=== Work instructions ===
Write out the material below exactly, beginning at the line that contains "L15 L12 L13" and ending with its last line, both ends included; write nothing else.

______________________________

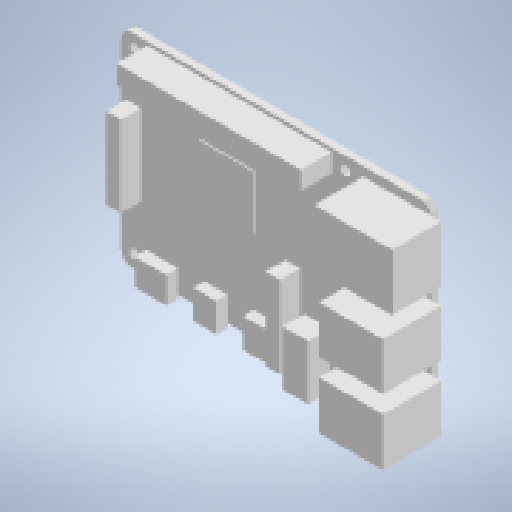
# Autodesk Inventor part: PI 4 B SPACE MODEL
Saved by Autodesk Inventor 2023 (Build 270158000, 158)
## iProperties
Created: 2023-03-17
Part Number: PI 4 B SPACE MODEL
Material: Generic
Document SubType Name: Modeling
Designer: Louis
Density: 1 g/cm^3
Appearance: Default
Author: Louis
Autodesk Inventor part; units mm, degrees
ref_plane "YZ Plane" through (0, 0, 0) normal (1, 0, 0) x (0, 1, 0)
ref_plane "XZ Plane" through (0, 0, 0) normal (0, 1, 0) x (-1, 0, 0)
ref_plane "XY Plane" through (0, 0, 0) normal (0, 0, 1) x (1, 0, 0)
sketch "Sketch1" plane through (0, 0, 0) normal (0, 0, 1) x (1, 0, 0)
  line L0 (-42.5, 28) -> (42.5, 28)
  line L1 (42.5, 28) -> (42.5, -28)
  line L2 (42.5, -28) -> (-42.5, -28)
  line L3 (-42.5, -28) -> (-42.5, 28)
  point P0 (0, 0)
  point P1 (0, 28)
  point P2 (-42.5, 0)
  dimension "d0" = 85
  dimension "d1" = 56
  constraints: 8 end point, 2 midpoint, 2 parallel, 1 horizontal, 1 horizontal alignment, 1 perpendicular, 1 vertical alignment
  measures "d0" distance of L0.start L0.end
  measures "d1" distance of L0.end L1.end
extrude "Extrusion1" add sketch "Sketch1" along normal blind 2
fillet "Fillet1" radius 3 4 edges at (42.5, 28, 1) (42.5, -28, 1) (-42.5, -28, 1) (-42.5, 28, 1)
sketch "Sketch2" plane through (0, 0, 2) normal (0, 0, 1) x (1, 0, 0)
  line L0 (39.5, 28) -> (-39.5, 28) projected
  line L1 (-42.5, 25) -> (-42.5, -25) projected
  line L2 (-39.5, -28) -> (39.5, -28) projected
  point P0 (0, 0)
  point P1 (-39, 24.5)
  point P2 (19, 24.5)
  point P3 (-39, -24.5)
  point P4 (19, -24.5)
  dimension "d5" = 3.5
  dimension "d6" = 3.5
  dimension "d7" = 58
  dimension "d8" = 3.5
  constraints: 2 horizontal alignment, 2 vertical alignment
  measures "d5" distance from line of L0 point (-39, 24.5)
  measures "d6" distance from line of L1 point (-39, 24.5)
  measures "d7" distance of point (19, 24.5) point (-39, 24.5)
  measures "d8" distance from line of L2 point (-39, -24.5)
hole "Hole1" at (-39, 24.5, 2) at (19, 24.5, 2) at (-39, -24.5, 2) at (19, -24.5, 2) direction (0, 0, -1) diameter 2.7 end through all
sketch "Sketch3" plane through (0, 0, 2) normal (0, 0, 1) x (1, 0, 0)
  line L0 (-66.5402, 48.8384) -> (82.1472, 48.8384) construction
  line L1 (82.1472, 48.8384) -> (82.1472, -46.7464) construction
  line L2 (82.1472, -46.7464) -> (-66.5402, -46.7464) construction
  line L3 (-66.5402, -46.7464) -> (-66.5402, 48.8384) construction
  line L4 (27.7, -12.375) -> (45.3, -12.375)
  line L5 (45.3, -12.375) -> (45.3, -25.625)
  line L6 (45.3, -25.625) -> (27.7, -25.625)
  line L7 (27.7, -25.625) -> (27.7, -12.375)
  line L8 (27.7, 5.5) -> (45.3, 5.5)
  line L9 (45.3, 5.5) -> (45.3, -7.5)
  line L10 (45.3, -7.5) -> (27.7, -7.5)
  line L11 (27.7, -7.5) -> (27.7, 5.5)
  line L12 (23.9, 25.5) -> (45.3, 25.5)
  line L13 (45.3, 25.5) -> (45.3, 10)
  line L14 (45.3, 10) -> (23.9, 10)
  line L15 (23.9, 10) -> (23.9, 25.5)
  line L16 (-20.9, 12) -> (-5.9, 12)
  line L17 (-5.9, 12) -> (-5.9, -3)
  line L18 (-5.9, -3) -> (-20.9, -3)
  line L19 (-20.9, -3) -> (-20.9, 12)
  line L20 (-35.75, -21.75) -> (-27, -21.75)
  line L21 (-27, -21.75) -> (-27, -29)
  line L22 (-27, -29) -> (-35.75, -29)
  line L23 (-35.75, -29) -> (-35.75, -21.75)
  line L24 (-13.5, -21.25) -> (-19.75, -21.25)
  line L25 (-19.75, -21.25) -> (-19.75, -29.25)
  line L26 (-19.75, -29.25) -> (-13.5, -29.25)
  line L27 (-13.5, -29.25) -> (-13.5, -21.25)
  line L28 (-6.25, -21.25) -> (0, -21.25)
  line L29 (0, -21.25) -> (0, -29.25)
  line L30 (0, -29.25) -> (-6.25, -29.25)
  line L31 (-6.25, -29.25) -> (-6.25, -21.25)
  line L32 (7.75, -15.25) -> (14.75, -15.25)
  line L33 (14.75, -15.25) -> (14.75, -30.25)
  line L34 (14.75, -30.25) -> (7.75, -30.25)
  line L35 (7.75, -30.25) -> (7.75, -15.25)
  line L36 (2.5, -5) -> (6.5, -5)
  line L37 (6.5, -5) -> (6.5, -27.5)
  line L38 (6.5, -27.5) -> (2.5, -27.5)
  line L39 (2.5, -27.5) -> (2.5, -5)
  line L40 (-37.25, -11) -> (-41.25, -11)
  line L41 (-41.25, -11) -> (-41.25, 11.25)
  line L42 (-41.25, 11.25) -> (-37.25, 11.25)
  line L43 (-37.25, 11.25) -> (-37.25, -11)
  line L44 (-35.5, 27) -> (15.25, 27)
  line L45 (15.25, 27) -> (15.25, 22)
  line L46 (15.25, 22) -> (-35.5, 22)
  line L47 (-35.5, 22) -> (-35.5, 27)
  line L48 (-42.5, 25) -> (-42.5, -25) projected
  line L49 (39.5, 28) -> (-39.5, 28) projected
  line L50 (-39.5, -28) -> (39.5, -28) projected
  line L51 (42.5, -25) -> (42.5, 25) projected
  point P0 (0, 0)
  point P1 (-39.25, 11.25)
  point P2 (45.3, -19)
  point P3 (45.3, -1)
  point P4 (45.3, 17.75)
  dimension "d55" = 7
  dimension "d56" = 50.75
  dimension "d57" = 5
  dimension "d58" = 1
  dimension "d59" = 16.75
  dimension "d60" = 22.25
  dimension "d61" = 4
  dimension "d62" = 1.25
  dimension "d63" = 1
  dimension "d64" = 1.25
  dimension "d65" = 7.25
  dimension "d66" = 8.75
  dimension "d67" = 6.75
  dimension "d68" = 22.75
  dimension "d69" = 6.25
  dimension "d70" = 6.75
  dimension "d71" = 36.25
  dimension "d72" = 6.25
  dimension "d73" = 4
  dimension "d74" = 22.5
  dimension "d75" = 45
  dimension "d76" = 0.5
  dimension "d77" = 7
  dimension "d78" = 2.25
  dimension "d79" = 27.75
  dimension "d80" = 15
  dimension "d81" = 9
  dimension "d82" = 17.6
  dimension "d83" = 13.25
  dimension "d84" = 2.8
  dimension "d85" = 13
  dimension "d86" = 27
  dimension "d87" = 21.4
  dimension "d88" = 15.5
  dimension "d89" = 45.75
  dimension "d90" = 15
  dimension "d91" = 15
  dimension "d92" = 16
  dimension "d93" = 21.6
  constraints: 88 end point, 22 parallel, 11 horizontal, 11 perpendicular, 5 point on line, 4 midpoint, 2 other
  measures "d55" distance from line of L44.start L48
  measures "d56" distance of L44.start L44.end
  measures "d57" distance of L44.end L45.end
  measures "d58" distance between parallel lines of L49 L44
  measures "d59" distance from line of point (-39.25, 11.25) L49
  measures "d60" distance between parallel lines of L40 L42
  measures "d61" distance between parallel lines of L43 L41
  measures "d62" distance between parallel lines of L48 L41
  measures "d63" distance between parallel lines of L50 L22
  measures "d64" distance between parallel lines of L50 L26
  measures "d65" distance of L22.end L20.start
  measures "d66" distance between parallel lines of L21 L23
  measures "d67" distance between parallel lines of L48 L23
  measures "d68" distance between parallel lines of L48 L25
  measures "d69" distance of L24.start L24.end
  measures "d70" distance between parallel lines of L50 L24
  measures "d71" distance between parallel lines of L48 L31
  measures "d72" distance of L28.start L28.end
  measures "d73" distance of L36.start L36.end
  measures "d74" distance of L38.end L36.start
  measures "d75" distance between parallel lines of L48 L39
  measures "d76" distance between parallel lines of L50 L38
  measures "d77" distance of L32.start L32.end
  measures "d78" distance between parallel lines of L50 L34
  measures "d79" distance between parallel lines of L51 L33
  measures "d80" distance of L32.end L33.end
  measures "d81" distance from line of L50 point (45.3, -19)
  measures "d82" distance of L4.start L4.end
  measures "d83" distance of L4.end L5.end
  measures "d84" distance from line of L51 point (45.3, -19)
  measures "d85" distance of L8.end L9.end
  measures "d86" distance from line of L50 point (45.3, -1)
  measures "d87" distance of L12.start L12.end
  measures "d88" distance of L12.end L13.end
  measures "d89" vertical distance of L50.end point (45.3, 17.75)
  measures "d90" distance of L17.end L18.end
  measures "d91" distance of L16.end L17.end
  measures "d92" distance between parallel lines of L49 L16
  measures "d93" distance between parallel lines of L48 L19
extrude "Extrusion2" add sketch "Sketch3" along normal blind 5.5 contours L40 L41 L42 L43
extrude "Extrusion3" add sketch "Sketch3" along normal blind 8.5 contours L44 L45 L46 L47
extrude "Extrusion4" add sketch "Sketch3" along normal blind 2.4 contours L16 L17 L18 L19
extrude "Extrusion5" add sketch "Sketch3" along normal blind 3.2 contours L20 L21 L50 L23 | L50 L21 L22 L23
extrude "Extrusion6" add sketch "Sketch3" along normal blind 3 contours L25 L24 L27 L50 | L50 L27 L26 L25
extrude "Extrusion7" add sketch "Sketch3" along normal blind 3 contours L31 L28 L29 L50 | L50 L29 L30 L31
extrude "Extrusion8" add sketch "Sketch3" along normal blind 5.5 contours L36 L37 L38 L39
extrude "Extrusion9" add sketch "Sketch3" along normal blind 6 contours L35 L32 L33 L50 | L50 L33 L34 L35
extrude "Extrusion10" add sketch "Sketch3" along normal blind 16 contours L4 L5 L6 L7
extrude "Extrusion11" add sketch "Sketch3" along normal blind 16 contours L10 L11 L8 L51 | L51 L8 L9 L10
extrude "Extrusion12" add sketch "Sketch3" along normal blind 13.5 contours L14 L15 L12 L13
sketch "Sketch4" plane through (0, 0, 4.4) normal (0, 0, 1) x (1, 0, 0)
  line L0 (-5.9, -3) -> (-5.9, 12) projected
  line L1 (-20.9, 12) -> (-5.9, 12) projected
  line L2 (-5.9, -3) -> (-20.9, -3)
  line L3 (-20.9, -3) -> (-20.9, 12)
  line L4 (-20.9, 12) -> (-5.9, 12)
  line L5 (-5.9, 12) -> (-5.9, -3)
  point P0 (0, 0)
  constraints: 8 end point, 2 parallel, 1 horizontal, 1 perpendicular
extrude "Extrusion13" cut sketch "Sketch4" against normal blind 2
body "Solid1"

______________________________

=== Response ===
extrude "Extrusion12" add sketch "Sketch3" along normal blind 13.5 contours L14 L15 L12 L13
sketch "Sketch4" plane through (0, 0, 4.4) normal (0, 0, 1) x (1, 0, 0)
  line L0 (-5.9, -3) -> (-5.9, 12) projected
  line L1 (-20.9, 12) -> (-5.9, 12) projected
  line L2 (-5.9, -3) -> (-20.9, -3)
  line L3 (-20.9, -3) -> (-20.9, 12)
  line L4 (-20.9, 12) -> (-5.9, 12)
  line L5 (-5.9, 12) -> (-5.9, -3)
  point P0 (0, 0)
  constraints: 8 end point, 2 parallel, 1 horizontal, 1 perpendicular
extrude "Extrusion13" cut sketch "Sketch4" against normal blind 2
body "Solid1"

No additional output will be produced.